SUDO not found when calling inside a function in BASH script

I am trying to create a function in Bash that creates a directory, then sets the ownership, like this:

create_dir() {
  local PATH=$1
  local OWNER=$2
  # create log directory
  echo -e "\n* Creating directory $PATH"
  if [[ -d $PATH ]]  
  then
    echo "  * $PATH already exist, no action done"
  else 
    echo "  * $PATH does not exist, creating dir"
    sudo mkdir $PATH
  fi

  sudo chown $OWNER $PATH
}

then I call it in the same script like this:

# create upload directory, and set owner
create_dir "/www/upload" "deployer"

when I execute the script:

sudo ./dir_setup.sh

it results the following:

* Creating log directory /www/upload * /www/upload already exist, no action done ./dir_setup.sh: line 15: sudo: command not found

Sudo command is installed and works as expected.

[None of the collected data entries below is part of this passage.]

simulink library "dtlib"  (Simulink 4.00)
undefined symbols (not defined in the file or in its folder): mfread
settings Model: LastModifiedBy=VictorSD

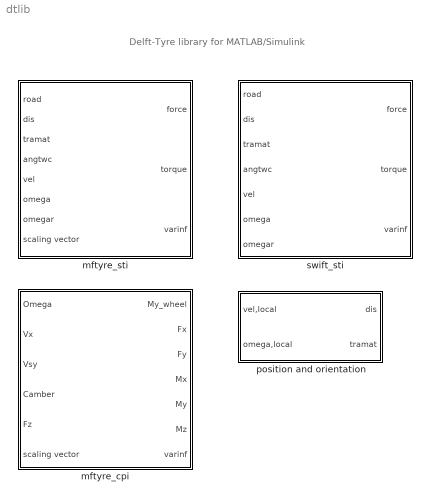
== system dtlib ==
  note: Delft-Tyre library for MATLAB/Simulink
  mftyre_cpi : Subsystem  mask(MFTYRE_CPI){idtyre=1, typarr=mfread('mft_car175_70R13.tir'), use_mode=4}
      mask prompts: idtyre "Tyre ID [integer]"; typarr "TYPARR [double array]"; use_mode "Use mode [integer]"
      mask help:
      | DELFT TYRE Magic Formula for Matlab
      | MF-Tyre 5.2, MF-MCTyre 1.1
      |
      | CONTACT POINT  INTERFACE
      |
      | © 1999-2003 TNO Automotive
      | The Netherlands
      settings: RTWFcnNameOpts=Auto  RTWFileNameOpts=Auto
      mask Help:
      | <!doctype html public "-//w3c//dtd html 4.0 transitional//en">
      | <html>
      | <head>
      |    <meta http-equiv="Content-Type" content="text/html; charset=iso-8859-1">
      |    <meta name="GENERATOR" content="Mozilla/4.72 [en] (X11; I; SunOS 5.7 sun4u) [Netscape]">
      | </head>
      | <body>
      | <font size=+1><b>MFTYRE_CPI: </b>MF-Tyre with Contact Point Interface.</font><p><font size=+1>Calculates tyre forces and moments in the contact point
      | center using the Magic Formula.</font>
      | <br>
      | <hr WIDTH="100%">
      | <br><font size=+1>Inputs:</font>
      | <ul>
      | <li>
      | <b>Omega (1)</b>: wheel angular velocity about wheel spin axis</li>
      | 
      | <li>
      | <b>Vx (1)</b>: forward velocity of wheel center in the wheel plane, parallel
      | to the road surface</li>
      | 
      | <li>
      | <b>Vsy (1)</b>: lateral velocity at road level, parallel to the road surface
      | and perpendicular to the wheel plane</li>
      | 
      | <li>
      | <b>Camber (1)</b>: inclination angle of the wheel with respect to the road</li>
      | 
      | <li>
      | <b>Fz (1)</b>: tyre normal load</li>
      | 
      | <li>
      | <b>scaling vector (7)</b>: contains 7 coefficients to <b>scale</b> the following
      | scaling factors (which are defined in the tyre property file):
      | <br>&nbsp;
      | <br>&nbsp;
      | </li>
      | 
      | <table BORDER WIDTH="60%" NOSAVE >
      | <tr>
      | <td>vector index</td>
      | 
      | <td>scaling factor</td>
      | 
      | <td>scales</td>
      | </tr>
      | 
      | <tr NOSAVE>
      | <td>1</td>
      | 
      | <td>LMUX</td>
      | 
      | <td NOSAVE>peak longitudinal friction coefficient</td>
      | </tr>
      | 
      | <tr>
      | <td>2</td>
      | 
      | <td>LKX</td>
      | 
      | <td>longitudinal slip stiffness</td>
      | </tr>
      | 
      | <tr>
      | <td>3</td>
      | 
      | <td>LMUY</td>
      | 
      | <td>peak lateral friction coefficient</td>
      | </tr>
      | 
      | <tr NOSAVE>
      | <td NOSAVE>4</td>
      | 
      | <td>LKY</td>
      | 
      | <td>cornering stiffness</td>
      | </tr>
      | 
      | <tr>
      | <td>5</td>
      | 
      | <td>LGAY</td>
      | 
      | <td>camber stiffness lateral force</td>
      | </tr>
      | 
      | <tr>
      | <td>6</td>
      | 
      | <td>LTR</td>
      | 
      | <td>pneumatic trail</td>
      | </tr>
      | 
      | <tr>
      | <td>7</td>
      | 
      | <td>LGAZ</td>
      | 
      | <td>camber stiffness aligning moment</td>
      | </tr>
      | </table>
      | 
      | <p><b>NB</b>: The values in the scaling vector <b>do not replace</b> the
      | scaling factors from the tyre property file.
      | <br>The scaling factor that will be used in simulation is the <b>product</b>
      | of the scaling factor in the tyre property
      | <br>file and the corresponding coefficient in the scaling vector.&nbsp;
      | So, if no additional scaling - other than defined
      | <br>in the tyre property file - needs to be applied, a vector of [1 1 1
      | 1 1 1 1] should be used.</ul>
      | 
      | <hr WIDTH="100%">
      | <br><font size=+1>Outputs:</font>
      | <ul>
      | <li>
      | <b>My_wheel (1)</b>: resultant moment about the wheel spin axis</li>
      | 
      | <li>
      | <b>Fx (1)</b>: longitudinal force</li>
      | 
      | <li>
      | <b>Fy (1)</b>: lateral force</li>
      | 
      | <li>
      | <b>Mx (1)</b>: overturning moment</li>
      | 
      | <li>
      | <b>My (1)</b>: rolling resistance moment</li>
      | 
      | <li>
      | <b>Mz (1)</b>: self aligning moment</li>
      | 
      | <li>
      | <b>varinf(40)</b>: extra output variables on tyre behaviour. Most important
      | ones:</li>
      | 
      | <ul>
      | <li>
      | varinf(1): slip angle</li>
      | 
      | <li>
      | varinf(2): longitudinal slip</li>
      | 
      | <li>
      | varinf(3): camber angle</li>
      | 
      | <li>
      | varinf(4..9): Fx, Fy, Fz, Mx, My, Mz</li>
      | 
      | <li>
      | varinf(12): effective rolling radius</li>
      | 
      | <li>
      | varinf(19): longitudinal relaxation length</li>
      | 
      | <li>
      | varinf(20): lateral relaxation length</li>
      | </ul>
      | </ul>
      | 
      | <hr WIDTH="100%">
      | <br><font size=+1>Parameters:</font>
      | 
      | <ul>
      | <li>
      | <b>Tyre ID</b><font size=+1>: </font>integer value which will be printed
      | with messages.</li>
      |     <li><b>TYPARR</b>: variable containing Magic Formula coefficients</li>
      |     <li><b>Use mode</b>: number which defines the operating mode:</li>
      | 
      | &nbsp;<table BORDER WIDTH="60%" NOSAVE >
      | <tr NOSAVE>
      | <td NOSAVE><i>operating mode</i></td>
      | 
      | <td><i>steady-state</i></td>
      | 
      | <td><i>transient</i></td>
      | </tr>
      | 
      | <tr>
      | <td>vertical spring&nbsp;</td>
      | 
      | <td>0</td>
      | 
      | <td>0</td>
      | </tr>
      | 
      | <tr NOSAVE>
      | <td NOSAVE>longitudinal only (Fx, My)</td>
      | 
      | <td>1</td>
      | 
      | <td>11</td>
      | </tr>
      | 
      | <tr>
      | <td>lateral only (Fy, Mx, Mz)</td>
      | 
      | <td>2</td>
      | 
      | <td>12</td>
      | </tr>
      | 
      | <tr>
      | <td>uncombined (Fx, Fy, Mx, My, Mz)</td>
      | 
      | <td>3</td>
      | 
      | <td>13</td>
      | </tr>
      | 
      | <tr>
      | <td>combined (Fx, Fy, Mx, My, Mz)</td>
      | 
      | <td>4</td>
      | 
      | <td>14</td>
      | </tr>
      | </table>
      | 
      | <p><b>NB</b>: for <b>mirrored</b> characteristics, multiply the use mode
      | with '-1'</ul>
      | 
      | <hr WIDTH="100%">
      | <br><font size=+1>General notes:</font>
      | <ul>
      | <li>
      | All calculations are made using SI-units (m, rad, N, kg, s)</li>
      | 
      | <li>
      | The ISO sign convention is adopted for the definitions of slip and tyre
      | force</li>
      | </ul>
      | ©2003 TNO Automotive, Vehicle Dynamics department, The Netherlands
      | </body>
      | </html>
      mask Display:
      | image(imread('dtlogo.jpg','jpg'))
      | 
      | port_label('input',1,'Omega')
      | port_label('input',2,'Vx')
      | port_label('input',3,'Vsy')
      | port_label('input',4,'Camber')
      | port_label('input',5,'Fz')
      | port_label('input',6,'scaling vector')
      | 
      | port_label('output',1,'My_wheel')
      | port_label('output',2,'Fx')
      | port_label('output',3,'Fy')
      | port_label('output',4,'Mx')
      | port_label('output',5,'My')
      | port_label('output',6,'Mz')
      | port_label('output',7,'varinf')
  mftyre_sti : Subsystem  mask(MFTYRE_STI){idtyre=1, typarr=mfread('mft_car175_70R13.tir'), use_mode=4}
      mask prompts: idtyre "Tyre ID [integer]"; typarr "TYPARR [double array]"; use_mode "Use mode [integer]"
      mask help:
      | DELFT TYRE Magic Formula for Matlab
      | MF-Tyre 5.2, MF-MCTyre 1.1
      |
      | STANDARD TYRE INTERFACE (STI 1.4)
      |
      | © 1999-2003 TNO Automotive
      | The Netherlands
      settings: RTWFcnNameOpts=Auto  RTWFileNameOpts=Auto
      mask Help:
      | <!doctype html public "-//w3c//dtd html 4.0 transitional//en">
      | <html>
      | <head>
      |    <meta http-equiv="Content-Type" content="text/html; charset=iso-8859-1">
      |    <meta name="GENERATOR" content="Mozilla/4.72 [en] (X11; I; SunOS 5.7 sun4u) [Netscape]">
      | </head>
      | <body>
      | <font size=+1><b>MFTYRE_STI</b>: MF-Tyre with Standard Tyre Interface</font>
      | <p><font size=+1>Calculates tyre forces and moments in the wheel carrier
      | using the Magic Formula.</font>
      | <p>This block follows the definitions of the Standard Tyre Interface as
      | developed by the TYDEX Workgroup.
      | <br>
      | <hr WIDTH="100%">
      | <br><font size=+1>Inputs:</font>
      | <ul>
      |     <li><b>road (3)</b>: a vector with three components: <br>1- z-value of the
      |     road surface<br>2- dz/dx: slope of the road in x-direction<br>3- dz/dy:
      |     slope of the road in y-direction<br><br>All road data has to be specified
      |     in the global frame. If road undulations are to be included these values
      |     can be made a function of the location of the wheel. The contact algorithm
      |     is not suited for obstacles with a short wavelength and requires that the
      |     z-location of the road be below the wheel center.<br></li>
      |     <li><b>dis (3):</b> a vector with three components: the x, y and z-coordinate
      |     of the wheel carrier in the global axis system.</li>
      |     <li><b>tramat (9):</b> a vector with nine components to specify the transformation
      |     from wheel carrier axis system to the global axis system. Tramat(1..3) is
      |     the representation of the unit x-vector of the carrier axis system in the
      |     global frame. The same applies to tramat(4..6) being the unit y-vector and
      |     tramat(7..9) being the unit z-vector of the carrier axis system expressed
      |     in the global frame.</li>
      |     <li><b>angtwc (1):</b> rotation angle of the wheel with respect to the wheel
      |     carrier about the wheel spin axis (currently not used by MF-Tyre/MF-MCTyre).</li>
      |     <li><b>vel (3):</b> a vector with three components: the global velocity
      |     of the wheel centre expressed in the wheel carrier local frame (x, y and
      |     z component).</li>
      |     <li><b>omega (3):</b> a vector with three components: the global angular
      |     velocity of the wheel centre expressed in the wheel carrier local frame
      |     (x, y and z component).</li>
      |     <li><b>omegar (1):</b> relative angular velocity of the wheel with respect
      |     to the wheel carrier about the wheel spin axis.</li>
      |     <li><b>scaling vector (7)</b>: contains 7 coefficients to scale the following
      |     scaling factors (which are defined in the tyre property file): <br><br></li>
      | </ul>
      | <table border="1" width="430">
      |     <tr>
      |         <td width="47">
      |             <p align="left">vector index&nbsp;</p>
      |         </td>
      |         <td width="95">
      |             <p align="left">&nbsp;scaling factor</p>
      |         </td>
      |         <td width="266">
      |             <p align="left">scales</p>
      |         </td>
      |     </tr>
      |     <tr>
      |         <td width="47">
      |             <p align="left">1</p>
      |         </td>
      |         <td width="95">
      |             <p align="left">LMUX</p>
      |         </td>
      |         <td width="266">
      |             <p align="left">peak longitudinal friction coefficient</p>
      |         </td>
      |     </tr>
      |     <tr>
      |         <td width="47">
      |             <p align="left">2</p>
      |         </td>
      |         <td width="95">
      |             <p align="left">LKX&nbsp;</p>
      |         </td>
      |         <td width="266">
      |             <p align="left">longitudinal slip stiffness</p>
      |         </td>
      |     </tr>
      |     <tr>
      |         <td width="47">
      |             <p align="left">3</p>
      |         </td>
      |         <td width="95">
      |             <p align="left">&nbsp;LMUY</p>
      |         </td>
      |         <td width="266">
      |             <p align="left">peak lateral friction coefficient</p>
      |         </td>
      |     </tr>
      |     <tr>
      |         <td width="47">
      |             <p align="left">4</p>
      |         </td>
      |         <td width="95">
      |             <p align="left">LKY&nbsp;</p>
      |         </td>
      |         <td width="266">
      |             <p align="left">cornering stiffness</p>
      |         </td>
      |     </tr>
      |     <tr>
      |         <td width="47">
      |             <p align="left">5</p>
      |         </td>
      |         <td width="95">
      |             <p align="left">LGAY</p>
      |         </td>
      |         <td width="266">
      |             <p align="left">camber stiffness lateral force</p>
      |         </td>
      |     </tr>
      |     <tr>
      |         <td width="47">
      |             <p align="left">6</p>
      |         </td>
      |         <td width="95">
      |             <p align="left">LTR</p>
      |         </td>
      |         <td width="266">
      |             <p align="left">pneumatic trail</p>
      |         </td>
      |     </tr>
      |     <tr>
      |         <td width="47">
      |             <p align="left">7</p>
      |         </td>
      |         <td width="95">
      |             <p align="left">LGAZ</p>
      |         </td>
      |         <td width="266">
      |             <p align="left">camber stiffness aligning moment</p>
      |         </td>
      |     </tr>
      | </table>
      | <P><b>NB</b>: The values in the scaling vector <b>do not replace</b> the scaling
      | factors from the tyre property file. <BR>The scaling factor that will be used in
      | simulation is the <b>product</b> of the scaling factor in the tyre property
      | <BR>file and the corresponding coefficient in the scaling vector.&nbsp; So, if no
      | additional scaling - other than defined <BR>in the tyre property file - needs to
      | be applied, a vector of [1 1 1 1 1 1 1] should be used.</P><hr WIDTH="100%">
      | <br><font size=+1>Outputs:</font>
      | <ul>
      |     <li><b>force(3):</b> forces applied by the tyre onto the rim at the centre
      |     of the wheel. The force vector has three components in the accompanying
      |     x, y and z direction of the carrier frame.</li>
      |     <li><b>torque(3):</b> moments applied by the tyre onto the rim at the centre
      |     of the wheel, expressed in the carrier axis system. Torque as three components
      |     representing the moments in the x, y and z direction</li>
      |     <li><b>varinf(40)</b>: extra output variables on tyre behaviour. Most important
      | ones:</li>
      | <ul>
      | <li>
      | varinf(1): slip angle</li>
      | 
      | <li>
      | varinf(2): longitudinal slip</li>
      | 
      | <li>
      | varinf(3): camber angle</li>
      | 
      | <li>
      | varinf(4..9): Fx, Fy, Fz, Mx, My, Mz at the tyre contact point</li>
      | 
      | <li>
      | varinf(10): tyre deflection</li>
      | 
      | <li>
      | varinf(11): deflection velocity, normal to the ground</li>
      | 
      | <li>
      | varinf(12): effective rolling radius</li>
      | 
      | <li>
      | varinf(13..15): x, y, z coordinate of the contact point center</li>
      | 
      | <li>
      | varinf(16..18): x, y, z component of the normal to the road</li>
      | 
      | <li>
      | varinf(19): longitudinal relaxation length</li>
      | 
      | <li>
      | varinf(20): lateral relaxation length</li>
      | 
      | <li>
      | varinf(24): longitudinal slip velocity Vsx</li>
      | 
      | <li>
      | varinf(25): lateral slip velocity Vsy</li>
      | 
      | <li>
      | varinf(26): wheel forward velocity Vx</li>
      | </ul>
      | </ul>
      | <hr WIDTH="100%">
      | <br><font size=+1>Parameters:</font>
      | <ul>
      | <li>
      | <b>Tyre ID</b>: integer value which will be printed with messages.</li>
      |     <li><b>TYPARR</b>: variable containing Magic Formula coefficients</li>
      |     <li><b>Use mode</b>: number which defines the operating mode:</li>
      | 
      | &nbsp;<table BORDER WIDTH="60%" NOSAVE >
      | <tr NOSAVE>
      | <td NOSAVE><i>operating mode</i></td>
      | 
      | <td><i>steady-state</i></td>
      | 
      | <td><i>transient</i></td>
      | </tr>
      | 
      | <tr>
      | <td>vertical spring only</td>
      | 
      | <td>0</td>
      | 
      | <td>0</td>
      | </tr>
      | 
      | <tr NOSAVE>
      | <td NOSAVE>longitudinal only (Fx ,My)</td>
      | 
      | <td>1</td>
      | 
      | <td>11</td>
      | </tr>
      | 
      | <tr>
      | <td>lateral only (Fy, Mx, Mz)</td>
      | 
      | <td>2</td>
      | 
      | <td>12</td>
      | </tr>
      | 
      | <tr>
      | <td>uncombined (Fx, Fy, Mx, My, Mz)</td>
      | 
      | <td>3</td>
      | 
      | <td>13</td>
      | </tr>
      | 
      | <tr>
      | <td>combined (Fx, Fy, Mx, My, Mz)</td>
      | 
      | <td>4</td>
      | 
      | <td>14</td>
      | </tr>
      | </table>
      | 
      | <p><b>NB</b>: for <b>mirrored</b> characteristics, multiply the use mode
      | with '-1'
      | <br></ul>
      | 
      | <hr WIDTH="100%">
      | <br><font size=+1>General notes:</font>
      | <ul>
      | <li>
      | All calculations are made using SI-units (m, rad, N, kg, s)</li>
      | 
      | <li>
      | The ISO sign convention is adopted for the definitions of slip and tyre
      | forces</li>
      | </ul>
      | ©2003 TNO Automotive, Vehicle Dynamics department, The Netherlands
      | </body>
      | </html>
      mask Display:
      | image(imread('dtlogo.jpg','jpg'))
      | 
      | port_label('input',1,'road')
      | port_label('input',2,'dis')
      | port_label('input',3,'tramat')
      | port_label('input',4,'angtwc')
      | port_label('input',5,'vel')
      | port_label('input',6,'omega')
      | port_label('input',7,'omegar')
      | port_label('input',8,'scaling vector')
      | 
      | port_label('output',1,'force')
      | port_label('output',2,'torque')
      | port_label('output',3,'varinf')
  position and orientation : Subsystem  mask(Position and Orientation){init_pos=[0 0 0.28], init_angle=[0 0 0]}
      mask prompts: init_pos "Wheel center position (global)"; init_angle "Wheel center orientation (global, Bryant angles, rotation seq. ZXY)"
      mask help:
      | DELFT TYRE Local 2 global transformation for Matlab
      | for use with Standard Tyre Interface (STI).
      |
      | STANDARD TYRE INTERFACE (STI 1.4)
      |
      | © 2002-2003 TNO Automotive
      | The Netherlands
      settings: RTWFcnNameOpts=Auto  RTWFileNameOpts=Auto
      mask Help:
      | <!doctype html public "-//w3c//dtd html 4.0 transitional//en">
      | <html>
      | <head>
      |    <meta http-equiv="Content-Type" content="text/html; charset=iso-8859-1">
      |    <meta name="GENERATOR" content="Mozilla/4.72 [en] (X11; I; SunOS 5.7 sun4u) [Netscape]">
      | </head>
      | <body>
      | <font size=+1><b>Position and orientation</b>: </font><font size="4">Calculation
      | of transformation matrix and global position from local HUB velocities</font>
      | <p><font size="4">Transforms the local translational and angular velocity of
      | the wheel center to the global position and transformation matrix for use with
      | the Standard
      | Tyre Interface (STI)</font></p>
      | <p>This block is supplied as addition for the possible
      | conversion needed to run localized input with MF-Tyre and SWIFT-Tyre implementing
      | the Standard Tyre Interface.<br>
      | <hr WIDTH="100%">
      | <br><font size=+1>Inputs:</font>
      | <ul>
      | <li>
      | <b>vel, &nbsp;local(3)</b>: local velocity of the wheel center expressed in the carrier
      | frame: x, y and z component</li>
      | 
      | <li>
      | <b>omega, local (3)</b>: local  angular velocity of the wheel carrier expressed
      | in the carrier frame: x, y and z component</li>
      | 
      | </ul>
      | 
      | <hr WIDTH="100%">
      | <br><font size=+1>Outputs:</font>
      | <ul>
      | <li>
      | <b>dis(3)</b>: location of the wheel center in the global frame: x, y and z
      | coordinate</li>
      | 
      |     <li><b>tramat(9)</b>: transformation matrix from wheel carrier to the global frame
      | <BR>tramat(1..3): representation of the unit x-vector of the carrier axis in the
      | global frame <BR>tramat(4..6): representation of the unit y-vector of the
      | carrier axis in the global frame <BR>tramat(7..9): representation of the unit
      | z-vector of the carrier axis in the global frame </li>
      | </ul>
      | 
      | <hr WIDTH="100%">
      | <br><font size=+1>Parameters:</font>
      | <ul>
      |     <li>init_pos: Initial wheel center position (global x, y and z
      | coordinate)</li>
      |     <li>init_angle: Initial wheel center orientation (global, Bryant angles, rotation
      |     seq. ZXY)</li>
      | </ul>
      | <hr WIDTH="100%">
      | <br><font size=+1>General notes:</font>
      | <ul>
      | <li>
      | All calculations are made using SI-units (m, rad, N, kg, s)<br>&nbsp;</li>
      | 
      | </ul>
      | ©2003 TNO Automotive, Vehicle Dynamics department, The Netherlands
      | </body>
      | </html>
  swift_sti : Subsystem  mask(SWIFT_STI){idtyre=1, use_mode=24, tpfname='swt_car205_60R15.tir', road_popup=Data file (effective inputs), rdfname='swt_road.rdf'}
      mask prompts: idtyre "Tyre ID [integer]"; use_mode "Use mode [integer]"; tpfname "Tyre property file [string]"; road_popup "Road"; rdfname "Road data file [string]"
      mask help:
      | DELFT TYRE Magic Formula for Matlab
      | SWIFT-Tyre 1.1
      |
      | STANDARD TYRE INTERFACE (STI 1.4)
      |
      | © 2002-2003 TNO Automotive
      | The Netherlands
      mask init:
      | idroad=1;
      | if (road_popup==2)
      |   idroad=100;
      | end
      settings: RTWFcnNameOpts=Auto  RTWFileNameOpts=Auto
      mask Help:
      | <!doctype html public "-//w3c//dtd html 4.0 transitional//en">
      | <html>
      | <head>
      |    <meta http-equiv="Content-Type" content="text/html; charset=iso-8859-1">
      |    <meta name="GENERATOR" content="Mozilla/4.72 [en] (X11; I; SunOS 5.7 sun4u) [Netscape]">
      | </head>
      | <body>
      | <font size=+1><b>SWIFT_STI</b>: SWIFT-Tyre with Standard Tyre Interface</font>
      | <p><font size=+1>Calculates tyre forces and moments in the wheel carrier
      | using SWIFT.</font>
      | <hr WIDTH="100%">
      | <br><font size=+1>Inputs:</font>
      | <ul>
      |     <li><b>road (3)</b>:present for compatibility with MF-Tyre. In SWIFT-Tyre,
      |     the road profile must be defined in an ASCII file format when the check
      |     box 'Effective inputs' is selected. In the road property file the road height
      |     is specified as a function of travelled distance. In a road data file the
      |     left and right track data may be specified; the appropriate track data is
      |     selected depending on the role of the tire in the model. SWIFT uses a zero-order
      |     sample and hold when evaluating the road profile. Changes in the height
      |     of the road profile are interpreted as steps. For maximum accuracy it is
      |     important that the sample points coincide with the data provided by the
      |     user, otherwise interpolated data will be used. So you should use road data
      |     with a fixed sample interval and specify this value for ROAD_INCREMENT in
      |     the [MODEL] section of the tire property file. Typically, the road sample
      |     interval should be in the range of 0.1-0.2 meters or larger.</li>
      | </ul>
      | <ul>
      |     <li>&nbsp;</li>
      |     <li><b>dis (3):</b> a vector with three components: the x, y and z-coordinate
      |     of the wheel carrier in the global axis system.</li>
      |     <li><b>tramat (9):</b> a vector with nine components to specify the transformation
      |     from wheel carrier axis system to the global axis system. Tramat(1..3) is
      |     the representation of the unit x-vector of the carrier axis system in the
      |     global frame. The same applies to tramat(4..6) being the unit y-vector and
      |     tramat(7..9) being the unit z-vector of the carrier axis system expressed
      |     in the global frame.</li>
      |     <li><b>angtwc (1):</b> rotation angle of the wheel with respect to the wheel
      |     carrier about the wheel spin axis.</li>
      |     <li><b>vel (3):</b> a vector with three components: the global velocity
      |     of the wheel centre expressed in the wheel carrier local frame (x, y and
      |     z component).</li>
      |     <li><b>omega (3):</b> a vector with three components: the global angular
      |     velocity of the wheel centre expressed in the wheel carrier local frame
      |     (x, y and z component).</li>
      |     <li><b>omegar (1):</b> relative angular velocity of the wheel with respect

The same happens with or without using sudo when calling dir_setup.sh If I change the line to

sudo chown $OWNER $PATH

to

/usr/bin/sudo chown $OWNER $PATH

it works fine. I am logged in as user "deployer" I created, has sudoer rights, the owner of dir_setup.sh the same user, has 777 rights.

If I take that line from the function and put it somewhere else, it also works fine. Any idea why do I need to call sudo with /usr/bin/sudo instead of just calling it using sudo when inside a function? And why does it work outside the function?